Nella bacheca di casa dove ha posizionato il trofeo Davis del 2018?
“Tutti i trofei erano sugli scaffali, ma abbiamo avuto un forte terremoto in Croazia qualche mese fa, così li abbiamo messi in un armadio, al sicuro, perché non cadessero. Il trofeo della Davis è al chiuso purtroppo, ma tornerà su uno scaffale aperto”.
Faccia un appello al pubblico: perché gli appassionati dovrebbero venire sugli spalti di Torino per fare il tifo per lei e per la Croazia?
“Se sei un appassionato di tennis vuoi vedere delle gradi battaglie, vedere momenti drammatici, vivere emozioni, assistere alle grandi partite. E vedrai di sicuro tutto questo in Coppa Davis: non esiste una competizione migliore, piena di grandi match. Qualsiasi squadra giochi, ci saranno sempre partite di grande intensità. Inoltre, vedrai il miglior tennis al mondo. Non esiste invito migliore.

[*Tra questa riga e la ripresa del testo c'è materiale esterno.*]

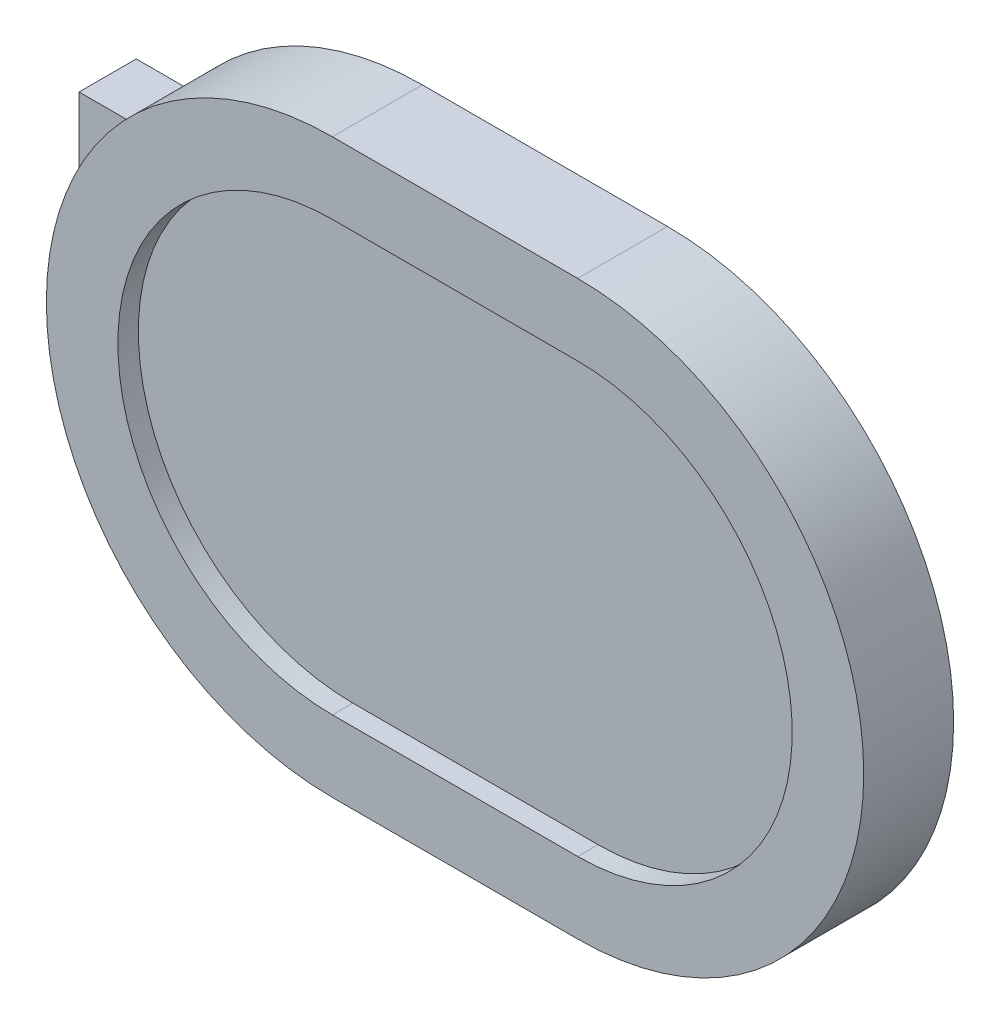
SolidWorks part; units mm, degrees
material "ABS"
ref_plane "Спереди" through (0, 0, 0) normal (0, 0, 1) x (1, 0, 0)
ref_plane "Сверху" through (0, 0, 0) normal (0, 1, 0) x (1, 0, 0)
ref_plane "Справа" through (0, 0, 0) normal (1, 0, 0) x (0, 0, -1)
ref_axis "Ось1" through (0, 0, 50) along (0, 0, -1)
sketch "Эскиз1" plane through (0, 0, 0) normal (0, 0, 1) x (1, 0, 0)
  circle A0 centre (0, 0) radius 5.3
  dimension "D1" = 10.6
extrude "Бобышка-Вытянуть1" add sketch "Эскиз1" along normal blind 0.8
sketch "Эскиз2" plane through (0, 0, 0.8) normal (0, 0, 1) x (1, 0, 0)
  line L0 (3, 0) -> (-3, 0) construction
  line L1 (3, -7) -> (-3, -7)
  line L2 (3, 7) -> (-3, 7)
  arc A0 (3, -7) -> (3, 7) centre (3, 0) ccw
  arc A1 (-3, 7) -> (-3, -7) centre (-3, 0) ccw
  point P2 (0, 0)
  point P7 (-10, 0)
  point P8 (10, 0)
  dimension "D1" = 14
  dimension "D2" = 20
extrude "Бобышка-Вытянуть2" add sketch "Эскиз2" along normal offset from surface (2.2 mm away) 3 up to face at (5.3, 0, 0)
sketch "Эскиз3" plane through (0, 0, 3) normal (0, 0, 1) x (1, 0, 0)
  line L0 (-3, 0) -> (3, 0) construction
  line L1 (-3, 5.25) -> (3, 5.25)
  line L2 (-3, -5.25) -> (3, -5.25)
  arc A0 (-3, 5.25) -> (-3, -5.25) centre (-3, 0) ccw
  arc A1 (3, -5.25) -> (3, 5.25) centre (3, 0) ccw
  point P2 (0, 0)
  point P8 (8.25, 0)
  point P9 (-8.25, 0)
  dimension "D1" = 10.5
  dimension "D2" = 16.5
extrude "Вырез-Вытянуть1" cut sketch "Эскиз3" against normal blind 0.5
sketch "Эскиз5" plane through (0, 0, 0.8) normal (0, 0, -1) x (-1, 0, 0)
  line L0 (8.7094, -4.05) -> (8.7094, 4.05)
  line L1 (8.7094, 4.05) -> (10, 4.05)
  line L2 (10, 4.05) -> (10, -4.05)
  line L3 (10, -4.05) -> (8.7094, -4.05)
  arc A0 (3, -7) -> (3, 7) centre (3, 0) ccw construction
  dimension "D1" = 8.1
extrude "Бобышка-Вытянуть5" add sketch "Эскиз5" against normal offset from surface (1.4 mm away) 0.8 up to face at (0, 0, 3)
sketch "Эскиз4" plane through (0, 0, 0.8) normal (0, 0, -1) x (-1, 0, 0)
  line L4 (9.0646, 0) -> (0, 0) construction
  line L5 (7.2, 1.25) -> (9.7, 1.25)
  line L6 (9.7, 3.75) -> (10, 3.75) construction
  line L7 (7.2, 1.25) -> (7.2, 3.75)
  line L8 (7.2, 3.75) -> (9.7, 3.75)
  line L9 (9.7, 1.25) -> (9.7, 3.75)
  line L10 (7.2, 1.25) -> (9.7, 3.75) construction
  line L11 (7.2, 3.75) -> (9.7, 1.25) construction
  line L12 (10, -4.05) -> (10, 4.05) construction
  line L13 (9.7, 3.75) -> (9.7, 4.05) construction
  line L15 (10, 4.05) -> (8.7094, 4.05) construction
  line L16 (7.2, -1.25) -> (7.2, -3.75)
  line L17 (7.2, -3.75) -> (9.7, -3.75)
  line L18 (9.7, -1.25) -> (9.7, -3.75)
  line L19 (7.2, -1.25) -> (9.7, -1.25)
  point P0 (8.45, 2.5)
  dimension "D1" = 2.5
  dimension "D2" = 0.3
extrude "Бобышка-Вытянуть4" add sketch "Эскиз4" along normal blind 0.2

E l’impianto a Torino è fantastico, caro spettatore, così vivrai un’esperienza fantastica: da così vicino ai giocatori, l’atmosfera sarà sicuramente eccezionale. Mettendo insieme tutto questo sarà sicuramente un’esperienza eccezionale per tutti”.
Un giorno si vede nei panni di capitano della nazionale croata di Davis?
“Sì, perché no? Mi piace talmente tanto far parte della nazionale, vivere quest’avventura, e poter condividere con i compagni le mie conoscenze, la mia esperienza e i miei consigli mi piacerebbe moltissimo”.